# Knife construction discussions, part 1: Forged vs. stock removal



## UglyJoe (Mar 13, 2011)

Hey guys,

Since there has been a lot of participation on this board from knifemakers (Thanks guys!), and there are a lot of very knowledgeable people on the boards, I thought it would be cool to have a series of threads on the benefits/drawbacks of some of the different techniques used to manufacture knives, from the perspective of both the ease of the manufacturing process, the scientific/metallurgical properties of the finished knife, and the significance to the end user, as well as to the idea of what it means to be "functional art". Topics that I think would be really cool to cover include laminated vs. solid steel knives (always love a good san-mai vs. solid steel debate), the benefits/drawbacks to honyaki knives, damascus knives (where the edge is actually damascus and composed of two separate steels), the heat treatment process, and anything else you guys want to talk about.

AS A NOTE: I don't want to turn this into a bashing of one way of doing things or otherwise want to offend a maker if they make things one way or the other. This is intended for friendly, intellectual debate.

First up, I'd like to discuss the "starting point" of making knives. I know, I know, the first real thing is to decide what steel you are using and what kind of knife you are making, but IMO the first real decision when it comes to the manufacture of any knife is if the blade will be forged from stock to it's basic final dimensions or if a piece of relatively thin knife stock will "simply" be ground/cut out to the final profile the knife will have. This debate arises from the large amount of stock-removal knives that have come to the market recently. i've been interested by the fact that many makers have introduced relatively expensive knives that use the stock removal technique.
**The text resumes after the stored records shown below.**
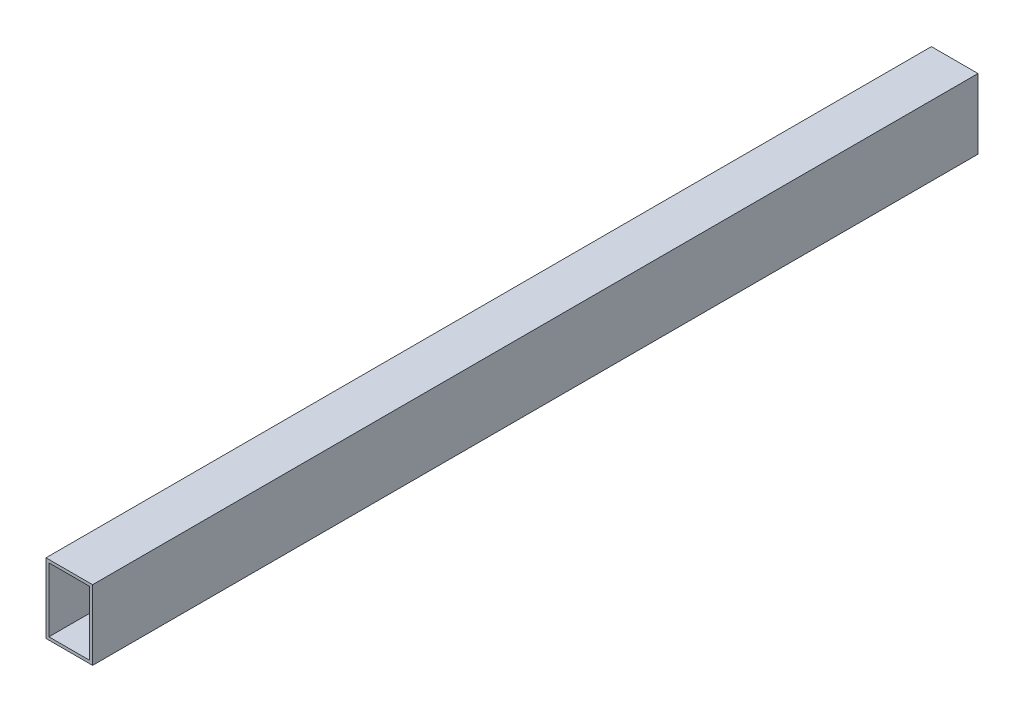
ISO-10303-21;
HEADER;
FILE_DESCRIPTION(('STEP AP214'),'2;1');
FILE_NAME('part.step','',(''),(''),'','','');
FILE_SCHEMA(('AUTOMOTIVE_DESIGN { 1 0 10303 214 1 1 1 1 }'));
ENDSEC;
DATA;
#1=APPLICATION_CONTEXT('core data for automotive mechanical design processes');
#2=APPLICATION_PROTOCOL_DEFINITION('international standard','automotive_design',2000,#1);
#3=PRODUCT_CONTEXT('',#1,'mechanical');
#4=PRODUCT('Part','Part','',(#3));
#5=PRODUCT_RELATED_PRODUCT_CATEGORY('part','',(#4));
#6=PRODUCT_DEFINITION_FORMATION('','',#4);
#7=PRODUCT_DEFINITION_CONTEXT('part definition',#1,'design');
#8=PRODUCT_DEFINITION('design','',#6,#7);
#9=PRODUCT_DEFINITION_SHAPE('','',#8);
#10=(LENGTH_UNIT() NAMED_UNIT(*) SI_UNIT(.MILLI.,.METRE.));
#11=(NAMED_UNIT(*) PLANE_ANGLE_UNIT() SI_UNIT($,.RADIAN.));
#12=(NAMED_UNIT(*) SI_UNIT($,.STERADIAN.) SOLID_ANGLE_UNIT());
#13=UNCERTAINTY_MEASURE_WITH_UNIT(LENGTH_MEASURE(1.E-05),#10,'distance_accuracy_value','');
#14=(GEOMETRIC_REPRESENTATION_CONTEXT(3) GLOBAL_UNCERTAINTY_ASSIGNED_CONTEXT((#13)) GLOBAL_UNIT_ASSIGNED_CONTEXT((#10,
#11,#12)) REPRESENTATION_CONTEXT('',''));
#15=CARTESIAN_POINT('',(0.,0.,0.));
#16=DIRECTION('',(0.,0.,1.));
#17=DIRECTION('',(1.,0.,0.));
#18=AXIS2_PLACEMENT_3D('',#15,#16,#17);
#19=CARTESIAN_POINT('',(0.,0.,965.2));
#20=DIRECTION('',(0.,0.,1.));
#21=DIRECTION('',(1.,0.,0.));
#22=AXIS2_PLACEMENT_3D('',#19,#20,#21);
#23=PLANE('',#22);
#24=DIRECTION('',(0.,1.,0.));
#25=VECTOR('',#24,1.);
#26=CARTESIAN_POINT('',(25.4,38.1,965.2));
#27=LINE('',#26,#25);
#28=CARTESIAN_POINT('',(25.4,-38.1,965.2));
#29=VERTEX_POINT('',#28);
#30=CARTESIAN_POINT('',(25.4,38.1,965.2));
#31=VERTEX_POINT('',#30);
#32=EDGE_CURVE('E153',#29,#31,#27,.T.);
#33=ORIENTED_EDGE('',*,*,#32,.T.);
#34=DIRECTION('',(-1.,0.,0.));
#35=VECTOR('',#34,1.);
#36=CARTESIAN_POINT('',(-25.4,38.1,965.2));
#37=LINE('',#36,#35);
#38=CARTESIAN_POINT('',(-25.4,38.1,965.2));
#39=VERTEX_POINT('',#38);
#40=EDGE_CURVE('E157',#31,#39,#37,.T.);
#41=ORIENTED_EDGE('',*,*,#40,.T.);
#42=DIRECTION('',(0.,-1.,0.));
#43=VECTOR('',#42,1.);
#44=CARTESIAN_POINT('',(-25.4,38.1,965.2));
#45=LINE('',#44,#43);
#46=CARTESIAN_POINT('',(-25.3999999999999,-38.1,965.2));
#47=VERTEX_POINT('',#46);
#48=EDGE_CURVE('E161',#39,#47,#45,.T.);
#49=ORIENTED_EDGE('',*,*,#48,.T.);
#50=DIRECTION('',(1.,0.,0.));
#51=VECTOR('',#50,1.);
#52=CARTESIAN_POINT('',(-25.3999999999999,-38.1,965.2));
#53=LINE('',#52,#51);
#54=EDGE_CURVE('E164',#47,#29,#53,.T.);
#55=ORIENTED_EDGE('',*,*,#54,.T.);
#56=EDGE_LOOP('',(#33,#41,#49,#55));
#57=FACE_BOUND('',#56,.T.);
#58=DIRECTION('',(1.,0.,0.));
#59=VECTOR('',#58,1.);
#60=CARTESIAN_POINT('',(-22.225,-34.925,965.2));
#61=LINE('',#60,#59);
#62=CARTESIAN_POINT('',(-22.225,-34.925,965.2));
#63=VERTEX_POINT('',#62);
#64=CARTESIAN_POINT('',(22.225,-34.925,965.2));
#65=VERTEX_POINT('',#64);
#66=EDGE_CURVE('E114',#63,#65,#61,.T.);
#67=ORIENTED_EDGE('',*,*,#66,.F.);
#68=DIRECTION('',(0.,-1.,0.));
#69=VECTOR('',#68,1.);
#70=CARTESIAN_POINT('',(-22.225,34.925,965.2));
#71=LINE('',#70,#69);
#72=CARTESIAN_POINT('',(-22.225,34.925,965.2));
#73=VERTEX_POINT('',#72);
#74=EDGE_CURVE('E105',#73,#63,#71,.T.);
#75=ORIENTED_EDGE('',*,*,#74,.F.);
#76=DIRECTION('',(-1.,0.,0.));
#77=VECTOR('',#76,1.);
#78=CARTESIAN_POINT('',(-22.225,34.925,965.2));
#79=LINE('',#78,#77);
#80=CARTESIAN_POINT('',(22.225,34.925,965.2));
#81=VERTEX_POINT('',#80);
#82=EDGE_CURVE('E131',#81,#73,#79,.T.);
#83=ORIENTED_EDGE('',*,*,#82,.F.);
#84=DIRECTION('',(0.,1.,0.));
#85=VECTOR('',#84,1.);
#86=CARTESIAN_POINT('',(22.225,34.925,965.2));
#87=LINE('',#86,#85);
#88=EDGE_CURVE('E127',#65,#81,#87,.T.);
#89=ORIENTED_EDGE('',*,*,#88,.F.);
#90=EDGE_LOOP('',(#67,#75,#83,#89));
#91=FACE_BOUND('',#90,.T.);
#92=ADVANCED_FACE('F39',(#57,#91),#23,.T.);
#93=CARTESIAN_POINT('',(0.,0.,0.));
#94=DIRECTION('',(0.,0.,1.));
#95=DIRECTION('',(1.,0.,0.));
#96=AXIS2_PLACEMENT_3D('',#93,#94,#95);
#97=PLANE('',#96);
#98=DIRECTION('',(0.,1.,0.));
#99=VECTOR('',#98,1.);
#100=CARTESIAN_POINT('',(25.4,38.1,0.));
#101=LINE('',#100,#99);
#102=CARTESIAN_POINT('',(25.4,-38.1,0.));
#103=VERTEX_POINT('',#102);
#104=CARTESIAN_POINT('',(25.4,38.1,0.));
#105=VERTEX_POINT('',#104);
#106=EDGE_CURVE('E123',#103,#105,#101,.T.);
#107=ORIENTED_EDGE('',*,*,#106,.F.);
#108=DIRECTION('',(1.,0.,0.));
#109=VECTOR('',#108,1.);
#110=CARTESIAN_POINT('',(-25.3999999999999,-38.1,0.));
#111=LINE('',#110,#109);
#112=CARTESIAN_POINT('',(-25.3999999999999,-38.1,0.));
#113=VERTEX_POINT('',#112);
#114=EDGE_CURVE('E158',#113,#103,#111,.T.);
#115=ORIENTED_EDGE('',*,*,#114,.F.);
#116=DIRECTION('',(0.,-1.,0.));
#117=VECTOR('',#116,1.);
#118=CARTESIAN_POINT('',(-25.4,38.1,0.));
#119=LINE('',#118,#117);
#120=CARTESIAN_POINT('',(-25.4,38.1,0.));
#121=VERTEX_POINT('',#120);
#122=EDGE_CURVE('E174',#121,#113,#119,.T.);
#123=ORIENTED_EDGE('',*,*,#122,.F.);
#124=DIRECTION('',(-1.,0.,0.));
#125=VECTOR('',#124,1.);
#126=CARTESIAN_POINT('',(-25.4,38.1,0.));
#127=LINE('',#126,#125);
#128=EDGE_CURVE('E171',#105,#121,#127,.T.);
#129=ORIENTED_EDGE('',*,*,#128,.F.);
#130=EDGE_LOOP('',(#107,#115,#123,#129));
#131=FACE_BOUND('',#130,.T.);
#132=DIRECTION('',(0.,-1.,0.));
#133=VECTOR('',#132,1.);
#134=CARTESIAN_POINT('',(-22.225,34.925,0.));
#135=LINE('',#134,#133);
#136=CARTESIAN_POINT('',(-22.225,34.925,0.));
#137=VERTEX_POINT('',#136);
#138=CARTESIAN_POINT('',(-22.225,-34.925,0.));
#139=VERTEX_POINT('',#138);
#140=EDGE_CURVE('E63',#137,#139,#135,.T.);
#141=ORIENTED_EDGE('',*,*,#140,.T.);
#142=DIRECTION('',(1.,0.,0.));
#143=VECTOR('',#142,1.);
#144=CARTESIAN_POINT('',(-22.225,-34.925,0.));
#145=LINE('',#144,#143);
#146=CARTESIAN_POINT('',(22.225,-34.925,0.));
#147=VERTEX_POINT('',#146);
#148=EDGE_CURVE('E121',#139,#147,#145,.T.);
#149=ORIENTED_EDGE('',*,*,#148,.T.);
#150=DIRECTION('',(0.,1.,0.));
#151=VECTOR('',#150,1.);
#152=CARTESIAN_POINT('',(22.225,34.925,0.));
#153=LINE('',#152,#151);
#154=CARTESIAN_POINT('',(22.225,34.925,0.));
#155=VERTEX_POINT('',#154);
#156=EDGE_CURVE('E140',#147,#155,#153,.T.);
#157=ORIENTED_EDGE('',*,*,#156,.T.);
#158=DIRECTION('',(-1.,0.,0.));
#159=VECTOR('',#158,1.);
#160=CARTESIAN_POINT('',(-22.225,34.925,0.));
#161=LINE('',#160,#159);
#162=EDGE_CURVE('E115',#155,#137,#161,.T.);
#163=ORIENTED_EDGE('',*,*,#162,.T.);
#164=EDGE_LOOP('',(#141,#149,#157,#163));
#165=FACE_BOUND('',#164,.T.);
#166=ADVANCED_FACE('F197',(#131,#165),#97,.F.);
#167=CARTESIAN_POINT('',(25.4,38.1,965.2));
#168=DIRECTION('',(-1.,0.,0.));
#169=DIRECTION('',(0.,-1.,0.));
#170=AXIS2_PLACEMENT_3D('',#167,#168,#169);
#171=PLANE('',#170);
#172=ORIENTED_EDGE('',*,*,#106,.T.);
#173=DIRECTION('',(0.,0.,-1.));
#174=VECTOR('',#173,1.);
#175=CARTESIAN_POINT('',(25.4,38.1,965.2));
#176=LINE('',#175,#174);
#177=EDGE_CURVE('E11',#31,#105,#176,.T.);
#178=ORIENTED_EDGE('',*,*,#177,.F.);
#179=ORIENTED_EDGE('',*,*,#32,.F.);
#180=DIRECTION('',(0.,0.,-1.));
#181=VECTOR('',#180,1.);
#182=CARTESIAN_POINT('',(25.4,-38.1,965.2));
#183=LINE('',#182,#181);
#184=EDGE_CURVE('E167',#29,#103,#183,.T.);
#185=ORIENTED_EDGE('',*,*,#184,.T.);
#186=EDGE_LOOP('',(#172,#178,#179,#185));
#187=FACE_BOUND('',#186,.T.);
#188=ADVANCED_FACE('F41',(#187),#171,.F.);
#189=CARTESIAN_POINT('',(-25.4,38.1,965.2));
#190=DIRECTION('',(0.,-1.,0.));
#191=DIRECTION('',(0.,0.,-1.));
#192=AXIS2_PLACEMENT_3D('',#189,#190,#191);
#193=PLANE('',#192);
#194=ORIENTED_EDGE('',*,*,#128,.T.);
#195=DIRECTION('',(0.,0.,-1.));
#196=VECTOR('',#195,1.);
#197=CARTESIAN_POINT('',(-25.4,38.1,965.2));
#198=LINE('',#197,#196);
#199=EDGE_CURVE('E48',#39,#121,#198,.T.);
#200=ORIENTED_EDGE('',*,*,#199,.F.);
#201=ORIENTED_EDGE('',*,*,#40,.F.);
#202=ORIENTED_EDGE('',*,*,#177,.T.);
#203=EDGE_LOOP('',(#194,#200,#201,#202));
#204=FACE_BOUND('',#203,.T.);
#205=ADVANCED_FACE('F207',(#204),#193,.F.);
#206=CARTESIAN_POINT('',(-25.4,38.1,965.2));
#207=DIRECTION('',(1.,0.,0.));
#208=DIRECTION('',(0.,1.,0.));
#209=AXIS2_PLACEMENT_3D('',#206,#207,#208);
#210=PLANE('',#209);
#211=ORIENTED_EDGE('',*,*,#122,.T.);
#212=DIRECTION('',(0.,0.,-1.));
#213=VECTOR('',#212,1.);
#214=CARTESIAN_POINT('',(-25.3999999999999,-38.1,965.2));
#215=LINE('',#214,#213);
#216=EDGE_CURVE('E182',#47,#113,#215,.T.);
#217=ORIENTED_EDGE('',*,*,#216,.F.);
#218=ORIENTED_EDGE('',*,*,#48,.F.);
#219=ORIENTED_EDGE('',*,*,#199,.T.);
#220=EDGE_LOOP('',(#211,#217,#218,#219));
#221=FACE_BOUND('',#220,.T.);
#222=ADVANCED_FACE('F191',(#221),#210,.F.);
#223=CARTESIAN_POINT('',(-25.3999999999999,-38.1,965.2));
#224=DIRECTION('',(0.,1.,0.));
#225=DIRECTION('',(0.,0.,1.));
#226=AXIS2_PLACEMENT_3D('',#223,#224,#225);
#227=PLANE('',#226);
#228=ORIENTED_EDGE('',*,*,#114,.T.);
#229=ORIENTED_EDGE('',*,*,#184,.F.);
#230=ORIENTED_EDGE('',*,*,#54,.F.);
#231=ORIENTED_EDGE('',*,*,#216,.T.);
#232=EDGE_LOOP('',(#228,#229,#230,#231));
#233=FACE_BOUND('',#232,.T.);
#234=ADVANCED_FACE('F201',(#233),#227,.F.);
#235=CARTESIAN_POINT('',(-22.225,34.925,965.2));
#236=DIRECTION('',(1.,0.,0.));
#237=DIRECTION('',(0.,1.,0.));
#238=AXIS2_PLACEMENT_3D('',#235,#236,#237);
#239=PLANE('',#238);
#240=ORIENTED_EDGE('',*,*,#140,.F.);
#241=DIRECTION('',(0.,0.,-1.));
#242=VECTOR('',#241,1.);
#243=CARTESIAN_POINT('',(-22.225,34.925,965.2));
#244=LINE('',#243,#242);
#245=EDGE_CURVE('E109',#73,#137,#244,.T.);
#246=ORIENTED_EDGE('',*,*,#245,.F.);
#247=ORIENTED_EDGE('',*,*,#74,.T.);
#248=DIRECTION('',(0.,0.,-1.));
#249=VECTOR('',#248,1.);
#250=CARTESIAN_POINT('',(-22.225,-34.925,965.2));
#251=LINE('',#250,#249);
#252=EDGE_CURVE('E108',#63,#139,#251,.T.);
#253=ORIENTED_EDGE('',*,*,#252,.T.);
#254=EDGE_LOOP('',(#240,#246,#247,#253));
#255=FACE_BOUND('',#254,.T.);
#256=ADVANCED_FACE('F107',(#255),#239,.T.);
#257=CARTESIAN_POINT('',(-22.225,-34.925,965.2));
#258=DIRECTION('',(0.,1.,0.));
#259=DIRECTION('',(-1.,0.,0.));
#260=AXIS2_PLACEMENT_3D('',#257,#258,#259);
#261=PLANE('',#260);
#262=ORIENTED_EDGE('',*,*,#148,.F.);
#263=ORIENTED_EDGE('',*,*,#252,.F.);
#264=ORIENTED_EDGE('',*,*,#66,.T.);
#265=DIRECTION('',(0.,0.,-1.));
#266=VECTOR('',#265,1.);
#267=CARTESIAN_POINT('',(22.225,-34.925,965.2));
#268=LINE('',#267,#266);
#269=EDGE_CURVE('E124',#65,#147,#268,.T.);
#270=ORIENTED_EDGE('',*,*,#269,.T.);
#271=EDGE_LOOP('',(#262,#263,#264,#270));
#272=FACE_BOUND('',#271,.T.);
#273=ADVANCED_FACE('F118',(#272),#261,.T.);
#274=CARTESIAN_POINT('',(22.225,34.925,965.2));
#275=DIRECTION('',(-1.,0.,0.));
#276=DIRECTION('',(0.,-1.,0.));
#277=AXIS2_PLACEMENT_3D('',#274,#275,#276);
#278=PLANE('',#277);
#279=ORIENTED_EDGE('',*,*,#156,.F.);
#280=ORIENTED_EDGE('',*,*,#269,.F.);
#281=ORIENTED_EDGE('',*,*,#88,.T.);
#282=DIRECTION('',(0.,0.,-1.));
#283=VECTOR('',#282,1.);
#284=CARTESIAN_POINT('',(22.225,34.925,965.2));
#285=LINE('',#284,#283);
#286=EDGE_CURVE('E55',#81,#155,#285,.T.);
#287=ORIENTED_EDGE('',*,*,#286,.T.);
#288=EDGE_LOOP('',(#279,#280,#281,#287));
#289=FACE_BOUND('',#288,.T.);
#290=ADVANCED_FACE('F230',(#289),#278,.T.);
#291=CARTESIAN_POINT('',(-22.225,34.925,965.2));
#292=DIRECTION('',(0.,-1.,0.));
#293=DIRECTION('',(1.,0.,0.));
#294=AXIS2_PLACEMENT_3D('',#291,#292,#293);
#295=PLANE('',#294);
#296=ORIENTED_EDGE('',*,*,#162,.F.);
#297=ORIENTED_EDGE('',*,*,#286,.F.);
#298=ORIENTED_EDGE('',*,*,#82,.T.);
#299=ORIENTED_EDGE('',*,*,#245,.T.);
#300=EDGE_LOOP('',(#296,#297,#298,#299));
#301=FACE_BOUND('',#300,.T.);
#302=ADVANCED_FACE('F234',(#301),#295,.T.);
#303=CLOSED_SHELL('',(#92,#166,#188,#205,#222,#234,#256,#273,#290,#302));
#304=MANIFOLD_SOLID_BREP('B2',#303);
#305=ADVANCED_BREP_SHAPE_REPRESENTATION('',(#18,#304),#14);
#306=SHAPE_DEFINITION_REPRESENTATION(#9,#305);
ENDSEC;
END-ISO-10303-21;

The traditional opinion is that blades generated by stock removal or stamping are inferior to forged knives. I don't know how this opinion came to be, but my guess is that stock steel was at one time simply inferior, with uneven carbon content, high impurity, etc. The forging process allows (as far as I understand) the maker to work out impurities as well as gain a more even distribution/manipulate the amount of the carbon content, etc., as well as to simply realize early on in the process if they have a bad bar of stock and abandon work earlier in the process. I don't know how much this holds true anymore, and would like to here opinions on available stock steel nowadays, etc.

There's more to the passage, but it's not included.